Saturday, September 4, 2010

Open source Java Web crawlers

During my research for making company intranet search-able, I had to investigate several web crawlers in Java.
  • Heretix was out of my choice as archiving was not important at all.
  • Nutch has inherent ability to crawl, but there is no out of the box script for periodic index update.
  • JSpider was tried with custom rule implementation, but due to thread deadlock index creation was not successful.
  • Finally came to know about Aperture (while reading Lucene In Action, 2nd Edition) which has web crawler based on RDF. With persistent RDF repository, incremental indexing became very fun. But Aperture does not support politeness which restricts its usage for indexing websites from different company.

2 comments:

Hoang said...

Hi Hafizur Rahman,

Thanks for your useful post!
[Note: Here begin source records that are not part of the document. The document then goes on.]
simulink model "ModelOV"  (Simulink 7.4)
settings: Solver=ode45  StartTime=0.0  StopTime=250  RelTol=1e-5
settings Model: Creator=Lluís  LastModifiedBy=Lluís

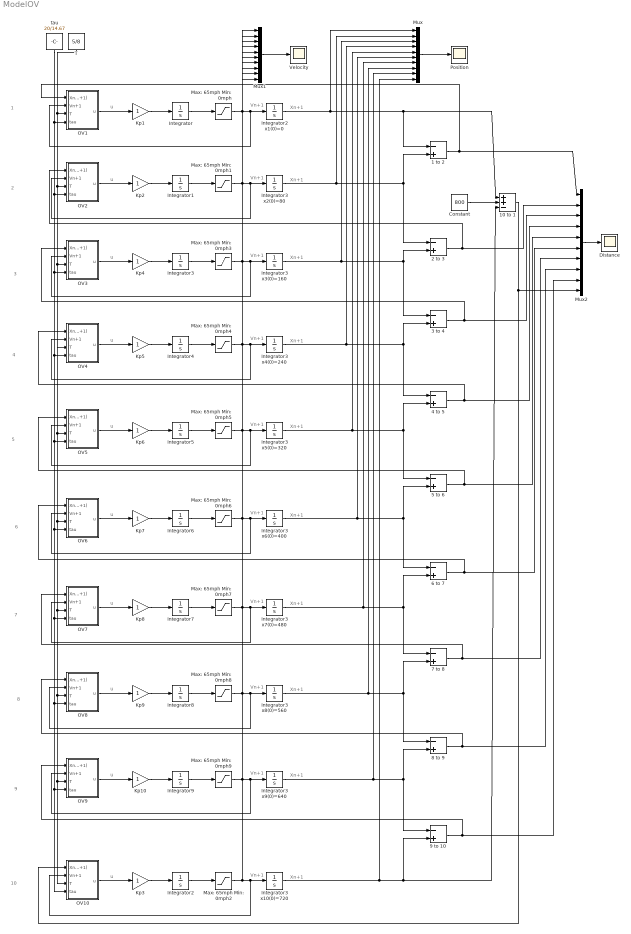
== system ModelOV ==
  note: u
  note: Vn+1
  note: Xn+1
  note: u
  note: Vn+1
  note: Xn+1
  note: 1
  note: 2
  note: u
  note: Vn+1
  note: Xn+1
  note: 10
  note: u
  note: Vn+1
  note: Xn+1
  note: 3
  note: u
  note: Vn+1
  note: Xn+1
  note: 4
  note: u
  note: Vn+1
  note: Xn+1
  note: 5
  note: u
  note: Vn+1
  note: Xn+1
  note: 6
  note: u
  note: Vn+1
  note: Xn+1
  note: 7
  note: u
  note: Vn+1
  note: Xn+1
  note: 8
  note: u
  note: Vn+1
  note: Xn+1
  note: 9
  1 to 2 : Sum  Inputs=-+  OutDataType=fixdt(1, 16)  OutScaling=2^-10
  10 to 1 : Sum  Inputs=++-  OutDataType=fixdt(1, 16)  OutScaling=2^-10
  2 to 3 : Sum  Inputs=-+  OutDataType=fixdt(1, 16)  OutScaling=2^-10
  3 to 4 : Sum  Inputs=-+  OutDataType=fixdt(1, 16)  OutScaling=2^-10
  4 to 5 : Sum  Inputs=-+  OutDataType=fixdt(1, 16)  OutScaling=2^-10
  5 to 6 : Sum  Inputs=-+  OutDataType=fixdt(1, 16)  OutScaling=2^-10
  6 to 7 : Sum  Inputs=-+  OutDataType=fixdt(1, 16)  OutScaling=2^-10
  7 to 8 : Sum  Inputs=-+  OutDataType=fixdt(1, 16)  OutScaling=2^-10
  8 to 9 : Sum  Inputs=-+  OutDataType=fixdt(1, 16)  OutScaling=2^-10
  9 to 10 : Sum  Inputs=-+  OutDataType=fixdt(1, 16)  OutScaling=2^-10
  Constant : Constant  Value=800  OutDataType=fixdt(1, 16)  OutScaling=2^0
  Distance : Scope
      settings: SaveName=ScopeData3
  Integrator : Integrator  InitialCondition=22
  Integrator{1..2,4,6,8} (5 alike) : Integrator  InitialCondition=66
  Integrator2 x1(0)=0 : Integrator
  Integrator3 : Integrator  InitialCondition=44
  Integrator3 x10(0)=720 : Integrator  InitialCondition=720
  Integrator3 x2(0)=80 : Integrator  InitialCondition=80
  Integrator3 x3(0)=160 : Integrator  InitialCondition=160
  Integrator3 x4(0)=240 : Integrator  InitialCondition=240
  Integrator3 x5(0)=320 : Integrator  InitialCondition=320
  Integrator3 x6(0)=400 : Integrator  InitialCondition=400
  Integrator3 x7(0)=480 : Integrator  InitialCondition=480
  Integrator3 x8(0)=560 : Integrator  InitialCondition=560
  Integrator3 x9(0)=640 : Integrator  InitialCondition=640
  Integrator5 : Integrator  InitialCondition=22
  Integrator7 : Integrator  InitialCondition=44
  Integrator9 : Integrator  InitialCondition=22
  Kp{1..10} (10 alike) : Gain  ParameterDataType=fixdt(1, 16)  ParameterScaling=2^0  OutDataType=fixdt(1, 16)  OutScaling=2^0
  Max: 65mph Min: 0mph{,1..9} (10 alike) : Saturate  UpperLimit=95.33  LowerLimit=0  OutDataType=fixdt(1, 16)  OutScaling=2^0
  Mux : Mux  Inputs=10
  Mux1 : Mux  Inputs=10
  Mux2 : Mux  Inputs=10
  OV1 : Subsystem
  OV10 : Subsystem
  OV2 : Subsystem
  OV3 : Subsystem
  OV4 : Subsystem
  OV5 : Subsystem
  OV6 : Subsystem
  OV7 : Subsystem
  OV8 : Subsystem
  OV9 : Subsystem
  Position : Scope
      settings: SaveName=pos
  T : Constant  Value=5/8  OutDataType=fixdt(1, 16)  OutScaling=2^0
  Velocity : Scope
      settings: SaveName=speed
  tau : Constant  Value=20/14.67  OutDataType=fixdt(1, 16)  OutScaling=2^0
  wires:
  1 to 2/1 -> OV1/1(Xn-(Xn+1)), Mux2/1
  Max: 65mph Min: 0mph/1 -> Integrator2 x1(0)=0/1, OV1/2(Vn+1), Mux1/1
  Kp1/1 -> Integrator/1
  OV1/1(u) -> Kp1/1
  Integrator/1 -> Max: 65mph Min: 0mph/1
  Integrator2 x1(0)=0/1 -> 1 to 2/1, 10 to 1/1, Mux/1
  Max: 65mph Min: 0mph1/1 -> Integrator3 x2(0)=80/1, OV2/2(Vn+1), Mux1/2
  Kp2/1 -> Integrator1/1
  Integrator1/1 -> Max: 65mph Min: 0mph1/1
  Integrator3 x2(0)=80/1 -> 1 to 2/2, 2 to 3/1, Mux/2
  Max: 65mph Min: 0mph2/1 -> Integrator3 x10(0)=720/1, OV10/2(Vn+1), Mux1/10
  Kp3/1 -> Integrator2/1
  OV10/1(u) -> Kp3/1
  Integrator2/1 -> Max: 65mph Min: 0mph2/1
  Integrator3 x10(0)=720/1 -> 10 to 1/3, 9 to 10/2, Mux/10
  2 to 3/1 -> Mux2/2, OV2/1(Xn-(Xn+1))
  Constant/1 -> 10 to 1/2
  10 to 1/1 -> Mux2/10, OV10/1(Xn-(Xn+1))
  Mux/1 -> Position/1
  Mux1/1 -> Velocity/1
  Mux2/1 -> Distance/1
  Max: 65mph Min: 0mph3/1 -> Integrator3 x3(0)=160/1, OV3/2(Vn+1), Mux1/3
  Kp4/1 -> Integrator3/1
  OV3/1(u) -> Kp4/1
  Integrator3/1 -> Max: 65mph Min: 0mph3/1
  Integrator3 x3(0)=160/1 -> 2 to 3/2, 3 to 4/1, Mux/3
  3 to 4/1 -> Mux2/3, OV3/1(Xn-(Xn+1))
  Max: 65mph Min: 0mph4/1 -> Integrator3 x4(0)=240/1, OV4/2(Vn+1), Mux1/4
  Kp5/1 -> Integrator4/1
  OV4/1(u) -> Kp5/1
  Integrator4/1 -> Max: 65mph Min: 0mph4/1
  Integrator3 x4(0)=240/1 -> 3 to 4/2, 4 to 5/1, Mux/4
  4 to 5/1 -> Mux2/4, OV4/1(Xn-(Xn+1))
  Max: 65mph Min: 0mph5/1 -> Integrator3 x5(0)=320/1, OV5/2(Vn+1), Mux1/5
  Kp6/1 -> Integrator5/1
  OV5/1(u) -> Kp6/1
  Integrator5/1 -> Max: 65mph Min: 0mph5/1
  Integrator3 x5(0)=320/1 -> 4 to 5/2, 5 to 6/1, Mux/5
  5 to 6/1 -> Mux2/5, OV5/1(Xn-(Xn+1))
  Max: 65mph Min: 0mph6/1 -> Integrator3 x6(0)=400/1, OV6/2(Vn+1), Mux1/6
  Kp7/1 -> Integrator6/1
  OV6/1(u) -> Kp7/1
  Integrator6/1 -> Max: 65mph Min: 0mph6/1
  Integrator3 x6(0)=400/1 -> 5 to 6/2, 6 to 7/1, Mux/6
  6 to 7/1 -> Mux2/6, OV6/1(Xn-(Xn+1))
  Max: 65mph Min: 0mph7/1 -> Integrator3 x7(0)=480/1, OV7/2(Vn+1), Mux1/7
  Kp8/1 -> Integrator7/1
  OV7/1(u) -> Kp8/1
  Integrator7/1 -> Max: 65mph Min: 0mph7/1
  Integrator3 x7(0)=480/1 -> 6 to 7/2, 7 to 8/1, Mux/7
  7 to 8/1 -> Mux2/7, OV7/1(Xn-(Xn+1))
  Max: 65mph Min: 0mph8/1 -> Integrator3 x8(0)=560/1, OV8/2(Vn+1), Mux1/8
  Kp9/1 -> Integrator8/1
  OV8/1(u) -> Kp9/1
  Integrator8/1 -> Max: 65mph Min: 0mph8/1
  Integrator3 x8(0)=560/1 -> 7 to 8/2, 8 to 9/1, Mux/8
  8 to 9/1 -> Mux2/8, OV8/1(Xn-(Xn+1))
  Max: 65mph Min: 0mph9/1 -> Integrator3 x9(0)=640/1, OV9/2(Vn+1), Mux1/9
  Kp10/1 -> Integrator9/1
  OV9/1(u) -> Kp10/1
  Integrator9/1 -> Max: 65mph Min: 0mph9/1
  Integrator3 x9(0)=640/1 -> 8 to 9/2, 9 to 10/1, Mux/9
  9 to 10/1 -> Mux2/9, OV9/1(Xn-(Xn+1))
  T/1 -> OV3/3(T), OV4/3(T), OV5/3(T), OV6/3(T), OV7/3(T), OV8/3(T), OV9/3(T), OV10/3(T), OV2/3(T), OV1/3(T)
  tau/1 -> OV1/4(tau), OV3/4(tau), OV4/4(tau), OV5/4(tau), OV6/4(tau), OV7/4(tau), OV8/4(tau), OV9/4(tau), OV10/4(tau), OV2/4(tau)
  OV2/1(u) -> Kp2/1

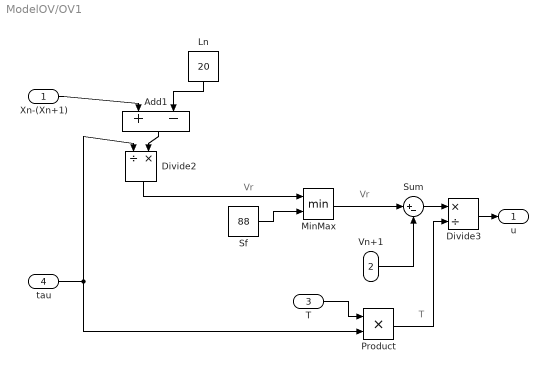
== system ModelOV/OV1 ==
  note: Vr
  note: Vr
  note: T
  Xn-(Xn+1) : Inport
  Vn+1 : Inport  Port=2
  T : Inport  Port=3  OutDataType=fixdt(1, 16)  OutScaling=2^0
  tau : Inport  Port=4  OutDataType=fixdt(1, 16)  OutScaling=2^0
  Add1 : Sum  Inputs=+-  OutDataType=fixdt(1, 16)  OutScaling=2^-10
  Divide2 : Product  Inputs=/*  OutDataType=fixdt(1, 16)  OutScaling=2^-10
  Divide3 : Product  Inputs=*/  OutDataType=fixdt(1, 16)  OutScaling=2^-10
  Ln : Constant  Value=20  OutDataType=fixdt(1, 16)  OutScaling=2^0
  MinMax : MinMax  Inputs=2  OutDataType=fixdt(1, 16)  OutScaling=2^0
  Product : Product  OutDataType=fixdt(1, 16)  OutScaling=2^0  RndMeth=Zero
  Sf : Constant  Value=88  OutDataType=fixdt(1, 16)  OutScaling=2^0
  Sum : Sum  Inputs=|+-  OutDataType=fixdt(1, 16)  OutScaling=2^0
  u : Outport
  wires:
  tau/1 -> Divide2/1, Product/2
  Ln/1 -> Add1/2
  Add1/1 -> Divide2/2
  Divide2/1 -> MinMax/1
  Xn-(Xn+1)/1 -> Add1/1
  Vn+1/1 -> Sum/2
  Sf/1 -> MinMax/2
  MinMax/1 -> Sum/1
  Sum/1 -> Divide3/1
  Product/1 -> Divide3/2
  Divide3/1 -> u/1
  T/1 -> Product/1

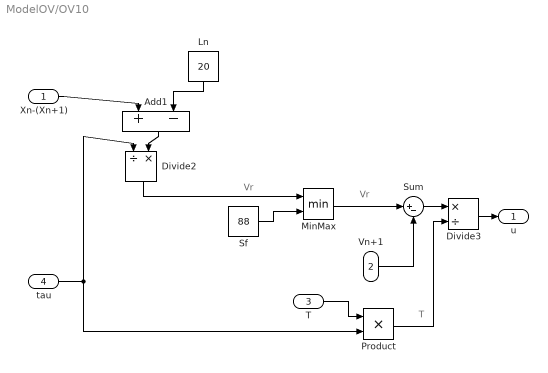
== system ModelOV/OV10 ==
  note: Vr
  note: Vr
  note: T
  Xn-(Xn+1) : Inport
  Vn+1 : Inport  Port=2
  T : Inport  Port=3  OutDataType=fixdt(1, 16)  OutScaling=2^0
  tau : Inport  Port=4  OutDataType=fixdt(1, 16)  OutScaling=2^0
  Add1 : Sum  Inputs=+-  OutDataType=fixdt(1, 16)  OutScaling=2^-10
  Divide2 : Product  Inputs=/*  OutDataType=fixdt(1, 16)  OutScaling=2^-10
  Divide3 : Product  Inputs=*/  OutDataType=fixdt(1, 16)  OutScaling=2^-10
  Ln : Constant  Value=20  OutDataType=fixdt(1, 16)  OutScaling=2^0
  MinMax : MinMax  Inputs=2  OutDataType=fixdt(1, 16)  OutScaling=2^0
  Product : Product  OutDataType=fixdt(1, 16)  OutScaling=2^0  RndMeth=Zero
  Sf : Constant  Value=88  OutDataType=fixdt(1, 16)  OutScaling=2^0
  Sum : Sum  Inputs=|+-  OutDataType=fixdt(1, 16)  OutScaling=2^0
  u : Outport
  wires:
  tau/1 -> Divide2/1, Product/2
  Ln/1 -> Add1/2
  Add1/1 -> Divide2/2
  Divide2/1 -> MinMax/1
  Xn-(Xn+1)/1 -> Add1/1
  Vn+1/1 -> Sum/2
  Sf/1 -> MinMax/2
  MinMax/1 -> Sum/1
  Sum/1 -> Divide3/1
  Product/1 -> Divide3/2
  Divide3/1 -> u/1
  T/1 -> Product/1

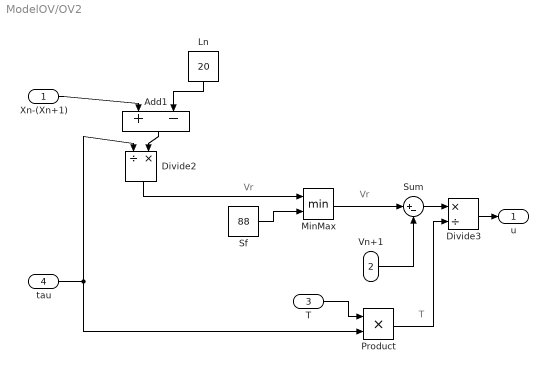
== system ModelOV/OV2 ==
  note: Vr
  note: Vr
  note: T
  Xn-(Xn+1) : Inport
  Vn+1 : Inport  Port=2
  T : Inport  Port=3  OutDataType=fixdt(1, 16)  OutScaling=2^0
  tau : Inport  Port=4  OutDataType=fixdt(1, 16)  OutScaling=2^0
  Add1 : Sum  Inputs=+-  OutDataType=fixdt(1, 16)  OutScaling=2^-10
  Divide2 : Product  Inputs=/*  OutDataType=fixdt(1, 16)  OutScaling=2^-10
  Divide3 : Product  Inputs=*/  OutDataType=fixdt(1, 16)  OutScaling=2^-10
  Ln : Constant  Value=20  OutDataType=fixdt(1, 16)  OutScaling=2^0
  MinMax : MinMax  Inputs=2  OutDataType=fixdt(1, 16)  OutScaling=2^0
  Product : Product  OutDataType=fixdt(1, 16)  OutScaling=2^0  RndMeth=Zero
  Sf : Constant  Value=88  OutDataType=fixdt(1, 16)  OutScaling=2^0
  Sum : Sum  Inputs=|+-  OutDataType=fixdt(1, 16)  OutScaling=2^0
  u : Outport
  wires:
  tau/1 -> Divide2/1, Product/2
  Ln/1 -> Add1/2
  Add1/1 -> Divide2/2
  Divide2/1 -> MinMax/1
  Xn-(Xn+1)/1 -> Add1/1
  Vn+1/1 -> Sum/2
  Sf/1 -> MinMax/2
  MinMax/1 -> Sum/1
  Sum/1 -> Divide3/1
  Product/1 -> Divide3/2
  Divide3/1 -> u/1
  T/1 -> Product/1

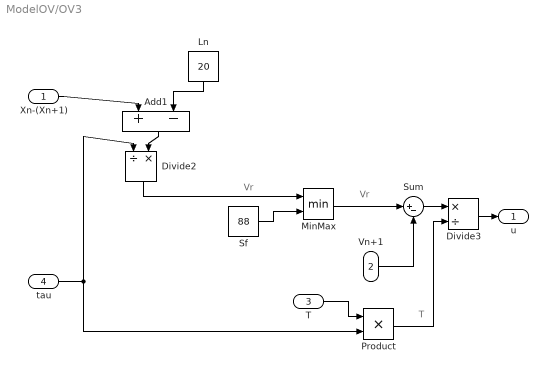
== system ModelOV/OV3 ==
  note: Vr
  note: Vr
  note: T
  Xn-(Xn+1) : Inport
  Vn+1 : Inport  Port=2
  T : Inport  Port=3  OutDataType=fixdt(1, 16)  OutScaling=2^0
  tau : Inport  Port=4  OutDataType=fixdt(1, 16)  OutScaling=2^0
  Add1 : Sum  Inputs=+-  OutDataType=fixdt(1, 16)  OutScaling=2^-10
  Divide2 : Product  Inputs=/*  OutDataType=fixdt(1, 16)  OutScaling=2^-10
  Divide3 : Product  Inputs=*/  OutDataType=fixdt(1, 16)  OutScaling=2^-10
  Ln : Constant  Value=20  OutDataType=fixdt(1, 16)  OutScaling=2^0
  MinMax : MinMax  Inputs=2  OutDataType=fixdt(1, 16)  OutScaling=2^0
  Product : Product  OutDataType=fixdt(1, 16)  OutScaling=2^0  RndMeth=Zero
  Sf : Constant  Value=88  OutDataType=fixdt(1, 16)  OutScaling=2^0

I have tried some code of you and the Aperture crawler work quit well. But i am facing the problem about the heap memory using when use FileAccessData to enable incremental crawling. It eat so much memory (about 1500MB with 20000 urls/site) so the crawler run very slow.
Have you ever face this problem? can you give me some suggestion? Thanks you in advanced!

Hafizur Rahman said...

Later I used Crawler4j with some modifications to use Apache Tika. This works very well. I hope that will simplify things.